On the infrared limit of the O(3) nonlinear $σ$-model at $θ= π$

Abstract: 2D nonlinear sigma models with Hermitian symmetric target admit a theta-term, which couples the field theory to the topological charge of its instanton gas. At the special coupling theta = pi, by what is nowadays attributed to a coupling-constant anomaly of Lieb-Schultz-Mattis type, such models have a degenerate ground state. Yet, the details of their non-trivial infrared limit have remained open in general. Here we suggest that non-perturbative renormalization group flow into the strong-coupling regime induces strong fluctuations of the theta-parameter, with the consequence that the instanton density is suppressed, the target-space topology effectively altered, and the target-space metric driven off reality and into geometrostasis.
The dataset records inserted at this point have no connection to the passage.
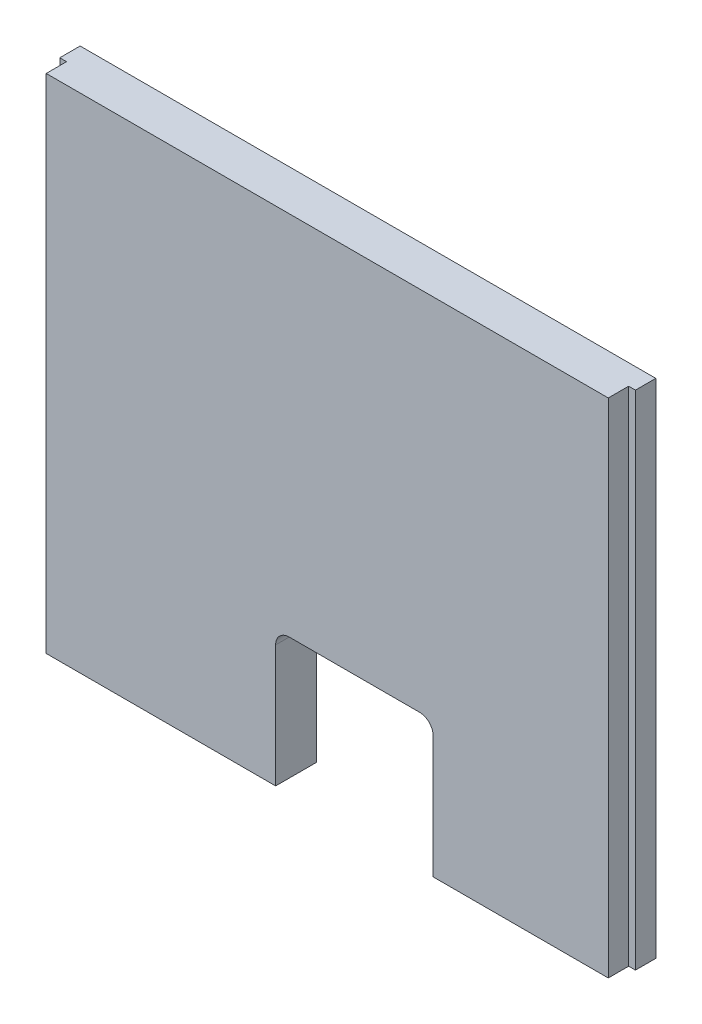
ISO-10303-21;
HEADER;
FILE_DESCRIPTION(('STEP AP214'),'2;1');
FILE_NAME('part.step','',(''),(''),'','','');
FILE_SCHEMA(('AUTOMOTIVE_DESIGN { 1 0 10303 214 1 1 1 1 }'));
ENDSEC;
DATA;
#1=APPLICATION_CONTEXT('core data for automotive mechanical design processes');
#2=APPLICATION_PROTOCOL_DEFINITION('international standard','automotive_design',2000,#1);
#3=PRODUCT_CONTEXT('',#1,'mechanical');
#4=PRODUCT('Part','Part','',(#3));
#5=PRODUCT_RELATED_PRODUCT_CATEGORY('part','',(#4));
#6=PRODUCT_DEFINITION_FORMATION('','',#4);
#7=PRODUCT_DEFINITION_CONTEXT('part definition',#1,'design');
#8=PRODUCT_DEFINITION('design','',#6,#7);
#9=PRODUCT_DEFINITION_SHAPE('','',#8);
#10=(LENGTH_UNIT() NAMED_UNIT(*) SI_UNIT(.MILLI.,.METRE.));
#11=(NAMED_UNIT(*) PLANE_ANGLE_UNIT() SI_UNIT($,.RADIAN.));
#12=(NAMED_UNIT(*) SI_UNIT($,.STERADIAN.) SOLID_ANGLE_UNIT());
#13=UNCERTAINTY_MEASURE_WITH_UNIT(LENGTH_MEASURE(1.E-05),#10,'distance_accuracy_value','');
#14=(GEOMETRIC_REPRESENTATION_CONTEXT(3) GLOBAL_UNCERTAINTY_ASSIGNED_CONTEXT((#13)) GLOBAL_UNIT_ASSIGNED_CONTEXT((#10,
#11,#12)) REPRESENTATION_CONTEXT('',''));
#15=CARTESIAN_POINT('',(0.,0.,0.));
#16=DIRECTION('',(0.,0.,1.));
#17=DIRECTION('',(1.,0.,0.));
#18=AXIS2_PLACEMENT_3D('',#15,#16,#17);
#19=CARTESIAN_POINT('',(-21.2,-18.5,1.5));
#20=DIRECTION('',(0.,1.,0.));
#21=DIRECTION('',(0.,0.,1.));
#22=AXIS2_PLACEMENT_3D('',#19,#20,#21);
#23=PLANE('',#22);
#24=DIRECTION('',(1.,0.,0.));
#25=VECTOR('',#24,1.);
#26=CARTESIAN_POINT('',(-20.7,-18.5,3.));
#27=LINE('',#26,#25);
#28=CARTESIAN_POINT('',(7.8,-18.5,3.));
#29=VERTEX_POINT('',#28);
#30=CARTESIAN_POINT('',(20.7,-18.5,3.));
#31=VERTEX_POINT('',#30);
#32=EDGE_CURVE('E137',#29,#31,#27,.T.);
#33=ORIENTED_EDGE('',*,*,#32,.F.);
#34=DIRECTION('',(0.,0.,-1.));
#35=VECTOR('',#34,1.);
#36=CARTESIAN_POINT('',(7.8,-18.5,3.));
#37=LINE('',#36,#35);
#38=CARTESIAN_POINT('',(7.8,-18.5,0.));
#39=VERTEX_POINT('',#38);
#40=EDGE_CURVE('E149',#29,#39,#37,.T.);
#41=ORIENTED_EDGE('',*,*,#40,.T.);
#42=DIRECTION('',(1.,0.,0.));
#43=VECTOR('',#42,1.);
#44=CARTESIAN_POINT('',(-21.2,-18.5,0.));
#45=LINE('',#44,#43);
#46=CARTESIAN_POINT('',(21.2,-18.5,0.));
#47=VERTEX_POINT('',#46);
#48=EDGE_CURVE('E207',#39,#47,#45,.T.);
#49=ORIENTED_EDGE('',*,*,#48,.T.);
#50=DIRECTION('',(0.,0.,-1.));
#51=VECTOR('',#50,1.);
#52=CARTESIAN_POINT('',(21.2,-18.5,1.5));
#53=LINE('',#52,#51);
#54=CARTESIAN_POINT('',(21.2,-18.5,1.5));
#55=VERTEX_POINT('',#54);
#56=EDGE_CURVE('E200',#55,#47,#53,.T.);
#57=ORIENTED_EDGE('',*,*,#56,.F.);
#58=DIRECTION('',(1.,0.,0.));
#59=VECTOR('',#58,1.);
#60=CARTESIAN_POINT('',(-21.2,-18.5,1.5));
#61=LINE('',#60,#59);
#62=CARTESIAN_POINT('',(20.7,-18.5,1.5));
#63=VERTEX_POINT('',#62);
#64=EDGE_CURVE('E197',#63,#55,#61,.T.);
#65=ORIENTED_EDGE('',*,*,#64,.F.);
#66=DIRECTION('',(0.,0.,-1.));
#67=VECTOR('',#66,1.);
#68=CARTESIAN_POINT('',(20.7,-18.5,3.));
#69=LINE('',#68,#67);
#70=EDGE_CURVE('E160',#31,#63,#69,.T.);
#71=ORIENTED_EDGE('',*,*,#70,.F.);
#72=EDGE_LOOP('',(#33,#41,#49,#57,#65,#71));
#73=FACE_BOUND('',#72,.T.);
#74=ADVANCED_FACE('F33',(#73),#23,.F.);
#75=CARTESIAN_POINT('',(0.,0.,1.5));
#76=DIRECTION('',(0.,0.,-1.));
#77=DIRECTION('',(-1.,0.,0.));
#78=AXIS2_PLACEMENT_3D('',#75,#76,#77);
#79=PLANE('',#78);
#80=DIRECTION('',(0.,1.,0.));
#81=VECTOR('',#80,1.);
#82=CARTESIAN_POINT('',(20.7,-18.5,1.5));
#83=LINE('',#82,#81);
#84=CARTESIAN_POINT('',(20.7,18.5,1.5));
#85=VERTEX_POINT('',#84);
#86=EDGE_CURVE('E170',#63,#85,#83,.T.);
#87=ORIENTED_EDGE('',*,*,#86,.F.);
#88=ORIENTED_EDGE('',*,*,#64,.T.);
#89=DIRECTION('',(0.,1.,0.));
#90=VECTOR('',#89,1.);
#91=CARTESIAN_POINT('',(21.2,-18.5,1.5));
#92=LINE('',#91,#90);
#93=CARTESIAN_POINT('',(21.2,18.5,1.5));
#94=VERTEX_POINT('',#93);
#95=EDGE_CURVE('E188',#55,#94,#92,.T.);
#96=ORIENTED_EDGE('',*,*,#95,.T.);
#97=DIRECTION('',(-1.,0.,0.));
#98=VECTOR('',#97,1.);
#99=CARTESIAN_POINT('',(-21.2,18.5,1.5));
#100=LINE('',#99,#98);
#101=EDGE_CURVE('E193',#94,#85,#100,.T.);
#102=ORIENTED_EDGE('',*,*,#101,.T.);
#103=EDGE_LOOP('',(#87,#88,#96,#102));
#104=FACE_BOUND('',#103,.T.);
#105=ADVANCED_FACE('F252',(#104),#79,.F.);
#106=DIRECTION('',(0.,-1.,0.));
#107=VECTOR('',#106,1.);
#108=CARTESIAN_POINT('',(-20.7,-18.5,1.5));
#109=LINE('',#108,#107);
#110=CARTESIAN_POINT('',(-20.7,18.5,1.5));
#111=VERTEX_POINT('',#110);
#112=CARTESIAN_POINT('',(-20.7,-18.5,1.5));
#113=VERTEX_POINT('',#112);
#114=EDGE_CURVE('E173',#111,#113,#109,.T.);
#115=ORIENTED_EDGE('',*,*,#114,.F.);
#116=CARTESIAN_POINT('',(-21.2,18.5,1.5));
#117=VERTEX_POINT('',#116);
#118=EDGE_CURVE('E191',#111,#117,#100,.T.);
#119=ORIENTED_EDGE('',*,*,#118,.T.);
#120=DIRECTION('',(0.,-1.,0.));
#121=VECTOR('',#120,1.);
#122=CARTESIAN_POINT('',(-21.2,-18.5,1.5));
#123=LINE('',#122,#121);
#124=CARTESIAN_POINT('',(-21.2,-18.5,1.5));
#125=VERTEX_POINT('',#124);
#126=EDGE_CURVE('E195',#117,#125,#123,.T.);
#127=ORIENTED_EDGE('',*,*,#126,.T.);
#128=EDGE_CURVE('E198',#125,#113,#61,.T.);
#129=ORIENTED_EDGE('',*,*,#128,.T.);
#130=EDGE_LOOP('',(#115,#119,#127,#129));
#131=FACE_BOUND('',#130,.T.);
#132=ADVANCED_FACE('F258',(#131),#79,.F.);
#133=CARTESIAN_POINT('',(21.2,-18.5,1.5));
#134=DIRECTION('',(-1.,0.,0.));
#135=DIRECTION('',(0.,0.,1.));
#136=AXIS2_PLACEMENT_3D('',#133,#134,#135);
#137=PLANE('',#136);
#138=DIRECTION('',(0.,1.,0.));
#139=VECTOR('',#138,1.);
#140=CARTESIAN_POINT('',(21.2,-18.5,0.));
#141=LINE('',#140,#139);
#142=CARTESIAN_POINT('',(21.2,18.5,0.));
#143=VERTEX_POINT('',#142);
#144=EDGE_CURVE('E187',#47,#143,#141,.T.);
#145=ORIENTED_EDGE('',*,*,#144,.T.);
#146=DIRECTION('',(0.,0.,-1.));
#147=VECTOR('',#146,1.);
#148=CARTESIAN_POINT('',(21.2,18.5,1.5));
#149=LINE('',#148,#147);
#150=EDGE_CURVE('E218',#94,#143,#149,.T.);
#151=ORIENTED_EDGE('',*,*,#150,.F.);
#152=ORIENTED_EDGE('',*,*,#95,.F.);
#153=ORIENTED_EDGE('',*,*,#56,.T.);
#154=EDGE_LOOP('',(#145,#151,#152,#153));
#155=FACE_BOUND('',#154,.T.);
#156=ADVANCED_FACE('F300',(#155),#137,.F.);
#157=CARTESIAN_POINT('',(-21.2,18.5,1.5));
#158=DIRECTION('',(0.,-1.,0.));
#159=DIRECTION('',(0.,0.,-1.));
#160=AXIS2_PLACEMENT_3D('',#157,#158,#159);
#161=PLANE('',#160);
#162=DIRECTION('',(-1.,0.,0.));
#163=VECTOR('',#162,1.);
#164=CARTESIAN_POINT('',(-21.2,18.5,0.));
#165=LINE('',#164,#163);
#166=CARTESIAN_POINT('',(-21.2,18.5,0.));
#167=VERTEX_POINT('',#166);
#168=EDGE_CURVE('E203',#143,#167,#165,.T.);
#169=ORIENTED_EDGE('',*,*,#168,.T.);
#170=DIRECTION('',(0.,0.,-1.));
#171=VECTOR('',#170,1.);
#172=CARTESIAN_POINT('',(-21.2,18.5,1.5));
#173=LINE('',#172,#171);
#174=EDGE_CURVE('E215',#117,#167,#173,.T.);
#175=ORIENTED_EDGE('',*,*,#174,.F.);
#176=ORIENTED_EDGE('',*,*,#118,.F.);
#177=DIRECTION('',(0.,0.,-1.));
#178=VECTOR('',#177,1.);
#179=CARTESIAN_POINT('',(-20.7,18.5,3.));
#180=LINE('',#179,#178);
#181=CARTESIAN_POINT('',(-20.7,18.5,3.));
#182=VERTEX_POINT('',#181);
#183=EDGE_CURVE('E181',#182,#111,#180,.T.);
#184=ORIENTED_EDGE('',*,*,#183,.F.);
#185=DIRECTION('',(-1.,0.,0.));
#186=VECTOR('',#185,1.);
#187=CARTESIAN_POINT('',(-20.7,18.5,3.));
#188=LINE('',#187,#186);
#189=CARTESIAN_POINT('',(20.7,18.5,3.));
#190=VERTEX_POINT('',#189);
#191=EDGE_CURVE('E166',#190,#182,#188,.T.);
#192=ORIENTED_EDGE('',*,*,#191,.F.);
#193=DIRECTION('',(0.,0.,-1.));
#194=VECTOR('',#193,1.);
#195=CARTESIAN_POINT('',(20.7,18.5,3.));
#196=LINE('',#195,#194);
#197=EDGE_CURVE('E184',#190,#85,#196,.T.);
#198=ORIENTED_EDGE('',*,*,#197,.T.);
#199=ORIENTED_EDGE('',*,*,#101,.F.);
#200=ORIENTED_EDGE('',*,*,#150,.T.);
#201=EDGE_LOOP('',(#169,#175,#176,#184,#192,#198,#199,#200));
#202=FACE_BOUND('',#201,.T.);
#203=ADVANCED_FACE('F271',(#202),#161,.F.);
#204=CARTESIAN_POINT('',(-21.2,-18.5,1.5));
#205=DIRECTION('',(1.,0.,0.));
#206=DIRECTION('',(0.,0.,-1.));
#207=AXIS2_PLACEMENT_3D('',#204,#205,#206);
#208=PLANE('',#207);
#209=DIRECTION('',(0.,-1.,0.));
#210=VECTOR('',#209,1.);
#211=CARTESIAN_POINT('',(-21.2,-18.5,0.));
#212=LINE('',#211,#210);
#213=CARTESIAN_POINT('',(-21.2,-18.5,0.));
#214=VERTEX_POINT('',#213);
#215=EDGE_CURVE('E205',#167,#214,#212,.T.);
#216=ORIENTED_EDGE('',*,*,#215,.T.);
#217=DIRECTION('',(0.,0.,-1.));
#218=VECTOR('',#217,1.);
#219=CARTESIAN_POINT('',(-21.2,-18.5,1.5));
#220=LINE('',#219,#218);
#221=EDGE_CURVE('E212',#125,#214,#220,.T.);
#222=ORIENTED_EDGE('',*,*,#221,.F.);
#223=ORIENTED_EDGE('',*,*,#126,.F.);
#224=ORIENTED_EDGE('',*,*,#174,.T.);
#225=EDGE_LOOP('',(#216,#222,#223,#224));
#226=FACE_BOUND('',#225,.T.);
#227=ADVANCED_FACE('F264',(#226),#208,.F.);
#228=CARTESIAN_POINT('',(-3.8,-18.5,0.));
#229=VERTEX_POINT('',#228);
#230=EDGE_CURVE('E192',#214,#229,#45,.T.);
#231=ORIENTED_EDGE('',*,*,#230,.T.);
#232=DIRECTION('',(0.,0.,-1.));
#233=VECTOR('',#232,1.);
#234=CARTESIAN_POINT('',(-3.8,-18.5,3.));
#235=LINE('',#234,#233);
#236=CARTESIAN_POINT('',(-3.8,-18.5,3.));
#237=VERTEX_POINT('',#236);
#238=EDGE_CURVE('E155',#237,#229,#235,.T.);
#239=ORIENTED_EDGE('',*,*,#238,.F.);
#240=CARTESIAN_POINT('',(-20.7,-18.5,3.));
#241=VERTEX_POINT('',#240);
#242=EDGE_CURVE('E162',#241,#237,#27,.T.);
#243=ORIENTED_EDGE('',*,*,#242,.F.);
#244=DIRECTION('',(0.,0.,-1.));
#245=VECTOR('',#244,1.);
#246=CARTESIAN_POINT('',(-20.7,-18.5,3.));
#247=LINE('',#246,#245);
#248=EDGE_CURVE('E178',#241,#113,#247,.T.);
#249=ORIENTED_EDGE('',*,*,#248,.T.);
#250=ORIENTED_EDGE('',*,*,#128,.F.);
#251=ORIENTED_EDGE('',*,*,#221,.T.);
#252=EDGE_LOOP('',(#231,#239,#243,#249,#250,#251));
#253=FACE_BOUND('',#252,.T.);
#254=ADVANCED_FACE('F254',(#253),#23,.F.);
#255=CARTESIAN_POINT('',(0.,0.,0.));
#256=DIRECTION('',(0.,0.,-1.));
#257=DIRECTION('',(-1.,0.,0.));
#258=AXIS2_PLACEMENT_3D('',#255,#256,#257);
#259=PLANE('',#258);
#260=DIRECTION('',(0.,-1.,0.));
#261=VECTOR('',#260,1.);
#262=CARTESIAN_POINT('',(7.8,-18.5,0.));
#263=LINE('',#262,#261);
#264=CARTESIAN_POINT('',(7.8,-9.5,0.));
#265=VERTEX_POINT('',#264);
#266=EDGE_CURVE('E152',#265,#39,#263,.T.);
#267=ORIENTED_EDGE('',*,*,#266,.F.);
#268=CARTESIAN_POINT('',(6.8,-9.5,0.));
#269=DIRECTION('',(0.,0.,-1.));
#270=DIRECTION('',(-1.,0.,0.));
#271=AXIS2_PLACEMENT_3D('',#268,#269,#270);
#272=CIRCLE('',#271,1.);
#273=CARTESIAN_POINT('',(6.8,-8.5,0.));
#274=VERTEX_POINT('',#273);
#275=EDGE_CURVE('E229',#265,#274,#272,.F.);
#276=ORIENTED_EDGE('',*,*,#275,.T.);
#277=DIRECTION('',(1.,0.,0.));
#278=VECTOR('',#277,1.);
#279=CARTESIAN_POINT('',(7.8,-8.5,0.));
#280=LINE('',#279,#278);
#281=CARTESIAN_POINT('',(-2.8,-8.5,0.));
#282=VERTEX_POINT('',#281);
#283=EDGE_CURVE('E146',#282,#274,#280,.T.);
#284=ORIENTED_EDGE('',*,*,#283,.F.);
#285=CARTESIAN_POINT('',(-2.8,-9.5,0.));
#286=DIRECTION('',(0.,0.,-1.));
#287=DIRECTION('',(-1.,0.,0.));
#288=AXIS2_PLACEMENT_3D('',#285,#286,#287);
#289=CIRCLE('',#288,1.);
#290=CARTESIAN_POINT('',(-3.8,-9.5,0.));
#291=VERTEX_POINT('',#290);
#292=EDGE_CURVE('E41',#282,#291,#289,.F.);
#293=ORIENTED_EDGE('',*,*,#292,.T.);
#294=DIRECTION('',(0.,1.,0.));
#295=VECTOR('',#294,1.);
#296=CARTESIAN_POINT('',(-3.8,-18.5,0.));
#297=LINE('',#296,#295);
#298=EDGE_CURVE('E239',#229,#291,#297,.T.);
#299=ORIENTED_EDGE('',*,*,#298,.F.);
#300=ORIENTED_EDGE('',*,*,#230,.F.);
#301=ORIENTED_EDGE('',*,*,#215,.F.);
#302=ORIENTED_EDGE('',*,*,#168,.F.);
#303=ORIENTED_EDGE('',*,*,#144,.F.);
#304=ORIENTED_EDGE('',*,*,#48,.F.);
#305=EDGE_LOOP('',(#267,#276,#284,#293,#299,#300,#301,#302,#303,#304));
#306=FACE_BOUND('',#305,.T.);
#307=ADVANCED_FACE('F232',(#306),#259,.T.);
#308=CARTESIAN_POINT('',(20.7,-18.5,3.));
#309=DIRECTION('',(-1.,0.,0.));
#310=DIRECTION('',(0.,0.,1.));
#311=AXIS2_PLACEMENT_3D('',#308,#309,#310);
#312=PLANE('',#311);
#313=ORIENTED_EDGE('',*,*,#86,.T.);
#314=ORIENTED_EDGE('',*,*,#197,.F.);
#315=DIRECTION('',(0.,1.,0.));
#316=VECTOR('',#315,1.);
#317=CARTESIAN_POINT('',(20.7,-18.5,3.));
#318=LINE('',#317,#316);
#319=EDGE_CURVE('E176',#31,#190,#318,.T.);
#320=ORIENTED_EDGE('',*,*,#319,.F.);
#321=ORIENTED_EDGE('',*,*,#70,.T.);
#322=EDGE_LOOP('',(#313,#314,#320,#321));
#323=FACE_BOUND('',#322,.T.);
#324=ADVANCED_FACE('F270',(#323),#312,.F.);
#325=CARTESIAN_POINT('',(-20.7,-18.5,3.));
#326=DIRECTION('',(1.,0.,0.));
#327=DIRECTION('',(0.,0.,-1.));
#328=AXIS2_PLACEMENT_3D('',#325,#326,#327);
#329=PLANE('',#328);
#330=ORIENTED_EDGE('',*,*,#114,.T.);
#331=ORIENTED_EDGE('',*,*,#248,.F.);
#332=DIRECTION('',(0.,-1.,0.));
#333=VECTOR('',#332,1.);
#334=CARTESIAN_POINT('',(-20.7,-18.5,3.));
#335=LINE('',#334,#333);
#336=EDGE_CURVE('E163',#182,#241,#335,.T.);
#337=ORIENTED_EDGE('',*,*,#336,.F.);
#338=ORIENTED_EDGE('',*,*,#183,.T.);
#339=EDGE_LOOP('',(#330,#331,#337,#338));
#340=FACE_BOUND('',#339,.T.);
#341=ADVANCED_FACE('F292',(#340),#329,.F.);
#342=CARTESIAN_POINT('',(0.,0.,3.));
#343=DIRECTION('',(0.,0.,-1.));
#344=DIRECTION('',(-1.,0.,0.));
#345=AXIS2_PLACEMENT_3D('',#342,#343,#344);
#346=PLANE('',#345);
#347=DIRECTION('',(0.,1.,0.));
#348=VECTOR('',#347,1.);
#349=CARTESIAN_POINT('',(-3.8,-18.5,3.));
#350=LINE('',#349,#348);
#351=CARTESIAN_POINT('',(-3.8,-9.5,3.));
#352=VERTEX_POINT('',#351);
#353=EDGE_CURVE('E145',#237,#352,#350,.T.);
#354=ORIENTED_EDGE('',*,*,#353,.T.);
#355=CARTESIAN_POINT('',(-2.8,-9.5,3.));
#356=DIRECTION('',(0.,0.,-1.));
#357=DIRECTION('',(-1.,0.,0.));
#358=AXIS2_PLACEMENT_3D('',#355,#356,#357);
#359=CIRCLE('',#358,1.);
#360=CARTESIAN_POINT('',(-2.8,-8.5,3.));
#361=VERTEX_POINT('',#360);
#362=EDGE_CURVE('E11',#352,#361,#359,.T.);
#363=ORIENTED_EDGE('',*,*,#362,.T.);
#364=DIRECTION('',(1.,0.,0.));
#365=VECTOR('',#364,1.);
#366=CARTESIAN_POINT('',(7.8,-8.5,3.));
#367=LINE('',#366,#365);
#368=CARTESIAN_POINT('',(6.8,-8.5,3.));
#369=VERTEX_POINT('',#368);
#370=EDGE_CURVE('E156',#361,#369,#367,.T.);
#371=ORIENTED_EDGE('',*,*,#370,.T.);
#372=CARTESIAN_POINT('',(6.8,-9.5,3.));
#373=DIRECTION('',(0.,0.,-1.));
#374=DIRECTION('',(-1.,0.,0.));
#375=AXIS2_PLACEMENT_3D('',#372,#373,#374);
#376=CIRCLE('',#375,1.);
#377=CARTESIAN_POINT('',(7.8,-9.5,3.));
#378=VERTEX_POINT('',#377);
#379=EDGE_CURVE('E141',#369,#378,#376,.T.);
#380=ORIENTED_EDGE('',*,*,#379,.T.);
#381=DIRECTION('',(0.,-1.,0.));
#382=VECTOR('',#381,1.);
#383=CARTESIAN_POINT('',(7.8,-18.5,3.));
#384=LINE('',#383,#382);
#385=EDGE_CURVE('E132',#378,#29,#384,.T.);
#386=ORIENTED_EDGE('',*,*,#385,.T.);
#387=ORIENTED_EDGE('',*,*,#32,.T.);
#388=ORIENTED_EDGE('',*,*,#319,.T.);
#389=ORIENTED_EDGE('',*,*,#191,.T.);
#390=ORIENTED_EDGE('',*,*,#336,.T.);
#391=ORIENTED_EDGE('',*,*,#242,.T.);
#392=EDGE_LOOP('',(#354,#363,#371,#380,#386,#387,#388,#389,#390,#391));
#393=FACE_BOUND('',#392,.T.);
#394=ADVANCED_FACE('F134',(#393),#346,.F.);
#395=CARTESIAN_POINT('',(7.8,-18.5,3.));
#396=DIRECTION('',(1.,0.,0.));
#397=DIRECTION('',(0.,0.,-1.));
#398=AXIS2_PLACEMENT_3D('',#395,#396,#397);
#399=PLANE('',#398);
#400=ORIENTED_EDGE('',*,*,#385,.F.);
#401=DIRECTION('',(0.,0.,-1.));
#402=VECTOR('',#401,1.);
#403=CARTESIAN_POINT('',(7.8,-9.5,0.));
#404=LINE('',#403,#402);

Assuming this heuristic scenario and combining it with a Cauchy process of target-space deformation, we present a detailed argument that the O(3) nonlinear sigma model at theta = pi, known to be the effective field theory for critical antiferromagnetic quantum spin chains with large half-integer spin, renormalizes to the conformal field theory of a U(1) boson compactified at a special radius with SU(2) symmetry. A closely related scenario applies to Pruisken's nonlinear sigma model for the integer quantum Hall transition.